KLD Measurement Methodology?
Just curious, how are you measuring KLD? I pulled down your 3.0bpw and ran it through eval/compare_q.py, and got 0.17608872470218068 - slightly higher than what I got for my 3bpw quant, and much higher than either of the numbers in your table.
One thing I noticed is that we're using different evaluation scripts - you used eval/compare_q.py, while I use eval/model_diff.py:
eval/model_diff.py -ma "$QUANT_PATH" -mb "$ORIG_PATH" -r 100
I'm not sure if that fully explains the difference, but it could be a factor worth looking into.

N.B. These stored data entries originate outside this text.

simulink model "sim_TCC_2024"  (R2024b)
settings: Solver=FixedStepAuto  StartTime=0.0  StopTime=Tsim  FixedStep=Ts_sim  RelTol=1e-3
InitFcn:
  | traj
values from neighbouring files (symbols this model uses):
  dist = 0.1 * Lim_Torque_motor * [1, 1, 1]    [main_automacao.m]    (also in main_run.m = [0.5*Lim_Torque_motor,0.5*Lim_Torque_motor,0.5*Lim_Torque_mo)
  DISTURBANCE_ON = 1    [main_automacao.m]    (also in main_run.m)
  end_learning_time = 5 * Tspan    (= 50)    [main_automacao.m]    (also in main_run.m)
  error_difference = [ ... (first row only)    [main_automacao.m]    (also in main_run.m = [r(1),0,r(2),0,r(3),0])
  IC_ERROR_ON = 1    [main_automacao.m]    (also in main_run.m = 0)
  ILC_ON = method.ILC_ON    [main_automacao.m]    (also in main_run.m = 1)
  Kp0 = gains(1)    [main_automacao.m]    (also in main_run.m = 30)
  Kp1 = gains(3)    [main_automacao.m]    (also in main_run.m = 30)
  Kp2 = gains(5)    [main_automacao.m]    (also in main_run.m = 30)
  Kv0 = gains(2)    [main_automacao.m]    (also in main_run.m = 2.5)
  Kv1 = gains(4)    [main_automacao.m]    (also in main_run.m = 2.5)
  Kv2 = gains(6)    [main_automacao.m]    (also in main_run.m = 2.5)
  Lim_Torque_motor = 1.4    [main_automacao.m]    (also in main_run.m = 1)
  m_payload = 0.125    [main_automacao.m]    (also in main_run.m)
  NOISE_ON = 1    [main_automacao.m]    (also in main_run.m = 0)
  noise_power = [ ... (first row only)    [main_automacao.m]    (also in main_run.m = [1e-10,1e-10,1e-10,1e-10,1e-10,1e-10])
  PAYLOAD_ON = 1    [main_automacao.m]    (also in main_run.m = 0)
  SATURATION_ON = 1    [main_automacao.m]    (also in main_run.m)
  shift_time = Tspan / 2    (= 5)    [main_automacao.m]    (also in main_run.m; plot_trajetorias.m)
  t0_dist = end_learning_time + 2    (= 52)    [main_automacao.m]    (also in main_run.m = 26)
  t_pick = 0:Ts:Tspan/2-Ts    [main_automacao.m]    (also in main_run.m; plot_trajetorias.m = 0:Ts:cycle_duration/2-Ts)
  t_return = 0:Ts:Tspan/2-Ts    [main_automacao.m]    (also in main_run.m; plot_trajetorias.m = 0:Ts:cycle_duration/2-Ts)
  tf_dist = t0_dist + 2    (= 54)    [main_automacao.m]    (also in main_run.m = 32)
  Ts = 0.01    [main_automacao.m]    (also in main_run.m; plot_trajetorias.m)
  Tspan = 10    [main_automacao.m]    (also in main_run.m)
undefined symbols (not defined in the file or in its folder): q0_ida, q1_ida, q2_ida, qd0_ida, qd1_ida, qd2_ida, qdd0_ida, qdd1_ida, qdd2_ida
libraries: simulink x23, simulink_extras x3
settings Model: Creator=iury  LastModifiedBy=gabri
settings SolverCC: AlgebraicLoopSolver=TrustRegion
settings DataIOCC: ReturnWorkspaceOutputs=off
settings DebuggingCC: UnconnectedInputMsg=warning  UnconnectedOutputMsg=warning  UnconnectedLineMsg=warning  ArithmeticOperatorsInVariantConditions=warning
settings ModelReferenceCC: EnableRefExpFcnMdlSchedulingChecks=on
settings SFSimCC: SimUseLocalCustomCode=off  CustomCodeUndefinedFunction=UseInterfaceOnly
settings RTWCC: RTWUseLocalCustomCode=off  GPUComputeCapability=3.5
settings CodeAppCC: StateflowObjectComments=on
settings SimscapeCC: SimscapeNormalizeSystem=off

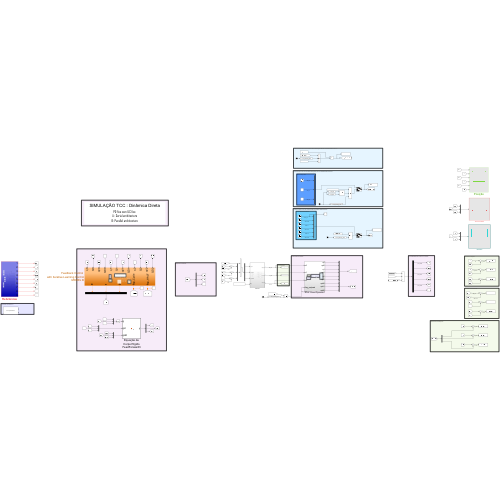
[thumbnail: Simulink's stored preview of the top-level diagram]
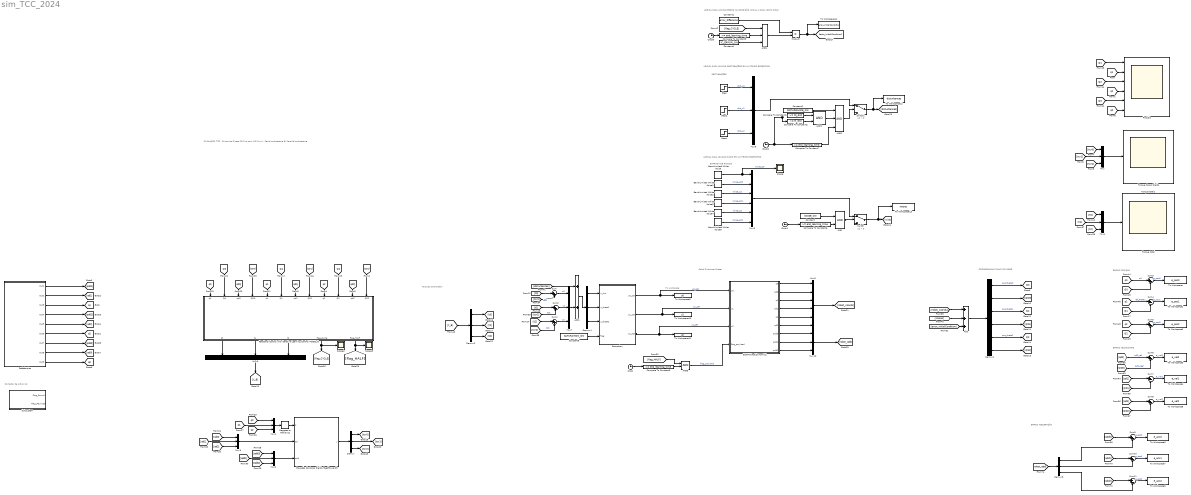
== system sim_TCC_2024 ==
  note: LÓGICA PARA APLICAR ERROS NA CONDIÇÃO INICIAL A CADA NOVO CICLO
  note: Contador de ciclos ILC
  note: PERTUBAÇÕES
  note: Torques controlador
  note: LÓGICA PARA APLICAR PERTUBAÇÕES EM UM TEMPO ESPECÍFICO
  note: Robô Dinâmica Direta
  note: COORDENADAS FINAIS DO ROBÔ
  note: ENTRADA DE RUÍDOS
  note: LÓGICA PARA APLICAR RUÍDO EM UM TEMPO ESPECÍFICO
  note: SIMULAÇÃO TCC : Dinâmica Direta
      |
      | PD fixo com ILC fixo
      | A : Serial architecture
      | B: Parallel architecture
  note: ERROS POSIÇAO
  note: ERROS VELOCIDADE
  note: ERROS ACELERAÇÃO
  note: To workspace
  3DOF Direct Dynamic1 : Subsystem
  AND : Logic  AllPortsSameDT=off  OutDataTypeStr=boolean
  AND1 : Logic  Inputs=3  AllPortsSameDT=off  OutDataTypeStr=boolean
  AND2 : Logic  AllPortsSameDT=off  OutDataTypeStr=boolean
  AND4 : Logic  Inputs=3  AllPortsSameDT=off  OutDataTypeStr=boolean
  AND5 : Logic  AllPortsSameDT=off  OutDataTypeStr=boolean
  Add : Sum  Inputs=+++
  Add1 : Sum
  Band-Limited White Noise : simulink/Sources/Band-Limited White Noise  Cov=noise_power(1)  Ts=Ts  seed=[1]
  Band-Limited White Noise1 : simulink/Sources/Band-Limited White Noise  Cov=noise_power(2)  Ts=Ts  seed=[2]
  Band-Limited White Noise2 : simulink/Sources/Band-Limited White Noise  Cov=noise_power(3)  Ts=Ts  seed=[3]
  Band-Limited White Noise3 : simulink/Sources/Band-Limited White Noise  Cov=noise_power(4)  Ts=Ts  seed=[4]
  Band-Limited White Noise4 : simulink/Sources/Band-Limited White Noise  Cov=noise_power(5)  Ts=Ts  seed=[5]
  Band-Limited White Noise5 : simulink/Sources/Band-Limited White Noise  Cov=noise_power(6)  Ts=Ts  seed=[6]
  Clock{,1..3} (4 alike) : Clock
  Compare To Constant1 : simulink/Logic and Bit Operations/Compare To Constant  relop=>=  const=t0_dist  OutDataTypeStr=boolean
  Compare To Constant2 : simulink/Logic and Bit Operations/Compare To Constant  relop=<=  const=tf_dist  OutDataTypeStr=boolean
  Compare To Constant{3,5..7} (4 alike) : simulink/Logic and Bit Operations/Compare To Constant  relop=>=  const=end_learning_time  OutDataTypeStr=boolean
  Constant : Constant  Value=NOISE_ON
  Constant1 : Constant  Value=error_difference
  Constant2 : Constant  Value=DISTURBANCE_ON
  Constant4 : Constant  Value=IC_ERROR_ON
  Constant5 : Constant  Value=SATURATION_ON
  Degrees to Radians2 : simulink_extras/Transformations/Degrees to Radians
  Demux{,2..4} (4 alike) : Demux  Outputs=3
  Demux1 : Demux  Outputs=6
  Equação de Corpo Rígido FeedForward3 : MATLAB Function  TreatAsAtomicUnit=on
  Feedback Control with Iterative Learning Control MODEL B : Subsystem
  Mux{,1..4,6..7,9..10} (9 alike) : Mux  Inputs=3
  Mux5 : Mux  Inputs=6
  Mux8 : Mux  Inputs=6
  Posição : Scope  NumInputPorts=6
  Product : Product
  Referências : Subsystem
  Saturation : Subsystem
  Scope : Scope
  Scope2 : Scope
  Scope3 : Scope
  Step : Step  After=dist(1)  SampleTime=Ts
  Step2 : Step  After=dist(2)  SampleTime=Ts
  Step4 : Step  After=dist(3)  SampleTime=Ts
  Subsystem : Subsystem  mask{Tspan=Tspan, Parameter3=Ts}
      mask prompts: Parameter3 "Sample Time"
      mask Display: disp('ILC Cycle Counter');
  Sum : Sum  Inputs=|++
  Sum1 : Sum  Inputs=|++
  Sum{3..11} (9 alike) : Sum  Inputs=|+-
  Sum2 : Sum  Inputs=|++
  Switch : Switch  Criteria=u2 > Threshold  SaturateOnIntegerOverflow=off  InputSameDT=off
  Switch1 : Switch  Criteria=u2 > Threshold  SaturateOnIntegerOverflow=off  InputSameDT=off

Another thing to keep in mind is that, if I'm not missing anything (I can't recheck right now), the evaluation scoring appears to be non-deterministic in recent versions of exllama - the numbers differ slightly across repeated runs. At least, I observed this behavior while quantizing Qwen3-Coder-Next on exllama3 v0.0.20, though it's possible that was a bug related to that specific model's inference process (context).
For MiniMax2.5, I used commit 701afb9 to perform the quantization and process metrics. If you're interested, I've just uploaded the per-layer evaluation logs (standard output of model_diff.py) so you can compare the numbers with what you got.
Let me know if you need any other information.
P.S. Thanks for publishing exl3 quants! I've used your quants a lot - it's just that in recent months I've wanted to figure all of this out on my own.